- _PROVIDED ENTRIES_:
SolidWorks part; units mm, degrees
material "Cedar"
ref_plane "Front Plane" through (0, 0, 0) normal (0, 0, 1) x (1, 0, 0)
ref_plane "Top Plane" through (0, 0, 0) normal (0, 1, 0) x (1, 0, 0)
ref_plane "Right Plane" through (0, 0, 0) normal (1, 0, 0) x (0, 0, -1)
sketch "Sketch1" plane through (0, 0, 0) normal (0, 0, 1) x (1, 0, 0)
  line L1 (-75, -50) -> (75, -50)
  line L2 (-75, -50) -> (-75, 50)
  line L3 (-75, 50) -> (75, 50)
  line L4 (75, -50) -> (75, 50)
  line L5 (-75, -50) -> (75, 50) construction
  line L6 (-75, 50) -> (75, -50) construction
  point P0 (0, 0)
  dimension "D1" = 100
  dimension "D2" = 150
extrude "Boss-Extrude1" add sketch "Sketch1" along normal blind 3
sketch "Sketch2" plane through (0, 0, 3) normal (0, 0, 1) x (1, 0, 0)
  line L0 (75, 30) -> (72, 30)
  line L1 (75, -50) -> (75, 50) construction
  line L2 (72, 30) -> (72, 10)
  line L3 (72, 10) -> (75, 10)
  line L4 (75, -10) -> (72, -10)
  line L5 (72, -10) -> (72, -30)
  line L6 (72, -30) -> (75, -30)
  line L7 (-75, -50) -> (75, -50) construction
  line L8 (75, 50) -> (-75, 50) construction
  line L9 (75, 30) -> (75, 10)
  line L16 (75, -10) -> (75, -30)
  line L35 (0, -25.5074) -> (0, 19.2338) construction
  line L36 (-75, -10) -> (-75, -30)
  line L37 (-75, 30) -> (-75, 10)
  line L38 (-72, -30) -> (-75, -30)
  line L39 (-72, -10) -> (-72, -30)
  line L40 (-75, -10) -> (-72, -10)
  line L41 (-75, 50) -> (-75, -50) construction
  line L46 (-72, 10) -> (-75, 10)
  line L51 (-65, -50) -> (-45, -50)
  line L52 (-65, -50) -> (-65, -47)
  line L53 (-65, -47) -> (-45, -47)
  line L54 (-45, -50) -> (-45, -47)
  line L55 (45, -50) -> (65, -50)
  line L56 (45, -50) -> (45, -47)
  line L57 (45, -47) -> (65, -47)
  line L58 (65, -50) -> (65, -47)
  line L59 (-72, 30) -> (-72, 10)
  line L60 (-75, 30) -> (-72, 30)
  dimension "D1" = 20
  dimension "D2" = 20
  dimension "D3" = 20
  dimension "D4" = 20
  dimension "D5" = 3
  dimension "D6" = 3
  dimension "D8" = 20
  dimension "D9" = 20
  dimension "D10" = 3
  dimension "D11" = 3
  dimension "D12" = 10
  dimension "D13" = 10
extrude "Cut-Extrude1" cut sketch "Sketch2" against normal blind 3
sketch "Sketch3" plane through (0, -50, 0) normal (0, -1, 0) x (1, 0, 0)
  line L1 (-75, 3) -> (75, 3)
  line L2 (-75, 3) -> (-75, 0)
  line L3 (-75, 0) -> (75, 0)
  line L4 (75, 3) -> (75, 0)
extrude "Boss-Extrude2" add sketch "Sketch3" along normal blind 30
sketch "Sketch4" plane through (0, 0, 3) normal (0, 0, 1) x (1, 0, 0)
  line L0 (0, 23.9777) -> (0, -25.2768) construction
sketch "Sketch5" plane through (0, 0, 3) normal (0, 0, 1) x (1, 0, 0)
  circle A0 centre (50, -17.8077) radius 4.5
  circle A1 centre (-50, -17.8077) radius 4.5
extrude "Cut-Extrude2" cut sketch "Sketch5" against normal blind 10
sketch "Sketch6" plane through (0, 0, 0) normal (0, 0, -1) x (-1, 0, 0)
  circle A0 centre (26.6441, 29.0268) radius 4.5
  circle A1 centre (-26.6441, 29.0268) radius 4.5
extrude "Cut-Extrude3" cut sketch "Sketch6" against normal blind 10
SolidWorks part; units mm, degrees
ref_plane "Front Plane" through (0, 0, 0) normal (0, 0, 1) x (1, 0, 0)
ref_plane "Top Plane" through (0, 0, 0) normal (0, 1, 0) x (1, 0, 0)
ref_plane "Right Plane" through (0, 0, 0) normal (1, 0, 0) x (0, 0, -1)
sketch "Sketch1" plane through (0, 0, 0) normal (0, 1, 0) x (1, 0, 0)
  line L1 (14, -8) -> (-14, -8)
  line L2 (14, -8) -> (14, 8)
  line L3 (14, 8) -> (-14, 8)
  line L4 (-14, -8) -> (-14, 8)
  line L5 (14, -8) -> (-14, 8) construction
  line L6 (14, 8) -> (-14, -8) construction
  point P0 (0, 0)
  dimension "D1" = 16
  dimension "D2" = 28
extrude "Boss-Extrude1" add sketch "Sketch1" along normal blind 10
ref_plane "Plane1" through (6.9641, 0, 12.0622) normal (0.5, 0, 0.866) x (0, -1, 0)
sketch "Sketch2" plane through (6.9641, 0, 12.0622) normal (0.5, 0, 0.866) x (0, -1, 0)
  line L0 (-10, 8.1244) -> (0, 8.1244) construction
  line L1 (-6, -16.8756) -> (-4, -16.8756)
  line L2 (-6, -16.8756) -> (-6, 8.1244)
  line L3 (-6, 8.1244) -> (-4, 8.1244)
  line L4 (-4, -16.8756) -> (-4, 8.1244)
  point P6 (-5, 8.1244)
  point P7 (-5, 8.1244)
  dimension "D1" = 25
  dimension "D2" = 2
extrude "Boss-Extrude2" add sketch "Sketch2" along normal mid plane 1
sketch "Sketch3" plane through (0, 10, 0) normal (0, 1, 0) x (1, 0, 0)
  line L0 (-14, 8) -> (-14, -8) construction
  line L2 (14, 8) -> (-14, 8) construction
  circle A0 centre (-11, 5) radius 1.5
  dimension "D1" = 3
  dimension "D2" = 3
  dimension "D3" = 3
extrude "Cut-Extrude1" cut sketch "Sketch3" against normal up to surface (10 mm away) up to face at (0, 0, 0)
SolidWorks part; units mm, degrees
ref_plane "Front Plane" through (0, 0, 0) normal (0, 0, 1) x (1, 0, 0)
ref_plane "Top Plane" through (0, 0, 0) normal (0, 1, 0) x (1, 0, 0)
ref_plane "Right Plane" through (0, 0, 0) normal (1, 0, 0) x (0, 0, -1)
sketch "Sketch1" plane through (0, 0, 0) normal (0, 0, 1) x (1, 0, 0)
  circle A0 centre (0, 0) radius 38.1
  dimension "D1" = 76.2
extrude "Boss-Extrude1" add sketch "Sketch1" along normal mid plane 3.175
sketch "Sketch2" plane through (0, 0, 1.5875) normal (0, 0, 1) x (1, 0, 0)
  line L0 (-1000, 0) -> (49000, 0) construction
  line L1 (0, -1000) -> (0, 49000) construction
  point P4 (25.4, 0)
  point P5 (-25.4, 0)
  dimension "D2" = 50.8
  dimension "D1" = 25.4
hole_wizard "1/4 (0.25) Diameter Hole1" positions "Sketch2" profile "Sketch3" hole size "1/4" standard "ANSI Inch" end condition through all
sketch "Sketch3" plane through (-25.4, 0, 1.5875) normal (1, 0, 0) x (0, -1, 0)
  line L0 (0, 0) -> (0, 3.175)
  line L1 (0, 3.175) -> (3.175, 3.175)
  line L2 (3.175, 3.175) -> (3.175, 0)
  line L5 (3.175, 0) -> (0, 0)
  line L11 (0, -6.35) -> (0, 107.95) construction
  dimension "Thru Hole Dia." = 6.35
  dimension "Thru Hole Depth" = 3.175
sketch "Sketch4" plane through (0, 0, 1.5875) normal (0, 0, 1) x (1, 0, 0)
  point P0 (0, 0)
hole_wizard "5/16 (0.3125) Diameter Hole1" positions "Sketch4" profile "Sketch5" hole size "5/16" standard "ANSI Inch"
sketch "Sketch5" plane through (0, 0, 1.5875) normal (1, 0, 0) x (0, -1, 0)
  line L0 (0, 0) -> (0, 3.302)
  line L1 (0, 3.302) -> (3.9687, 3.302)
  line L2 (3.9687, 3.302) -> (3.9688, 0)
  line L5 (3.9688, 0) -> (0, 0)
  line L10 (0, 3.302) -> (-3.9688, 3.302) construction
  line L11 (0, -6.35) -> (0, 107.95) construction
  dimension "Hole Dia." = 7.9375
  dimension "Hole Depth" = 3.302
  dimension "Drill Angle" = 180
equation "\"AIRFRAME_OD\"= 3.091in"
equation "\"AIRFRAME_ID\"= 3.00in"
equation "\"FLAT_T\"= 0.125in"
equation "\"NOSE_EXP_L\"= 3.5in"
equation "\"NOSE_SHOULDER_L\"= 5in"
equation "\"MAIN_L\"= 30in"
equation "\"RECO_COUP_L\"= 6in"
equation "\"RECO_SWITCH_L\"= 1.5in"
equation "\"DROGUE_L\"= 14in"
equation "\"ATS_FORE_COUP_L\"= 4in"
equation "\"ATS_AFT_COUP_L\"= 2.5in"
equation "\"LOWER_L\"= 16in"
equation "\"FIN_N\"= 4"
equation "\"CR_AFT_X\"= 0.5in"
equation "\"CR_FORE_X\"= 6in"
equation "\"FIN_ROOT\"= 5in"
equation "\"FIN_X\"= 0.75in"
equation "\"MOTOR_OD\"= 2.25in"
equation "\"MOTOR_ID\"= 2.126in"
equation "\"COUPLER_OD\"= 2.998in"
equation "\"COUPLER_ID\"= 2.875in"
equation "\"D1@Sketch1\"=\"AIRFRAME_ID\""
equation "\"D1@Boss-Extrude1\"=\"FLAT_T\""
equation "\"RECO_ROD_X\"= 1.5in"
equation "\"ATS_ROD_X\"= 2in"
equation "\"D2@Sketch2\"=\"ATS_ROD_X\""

- _YOUR OBJECTIVE_: Show every line of the listing in which the string "size" can be found.

- _OUTPUT FOR THIS TASK_:
hole_wizard "1/4 (0.25) Diameter Hole1" positions "Sketch2" profile "Sketch3" hole size "1/4" standard "ANSI Inch" end condition through all
hole_wizard "5/16 (0.3125) Diameter Hole1" positions "Sketch4" profile "Sketch5" hole size "5/16" standard "ANSI Inch"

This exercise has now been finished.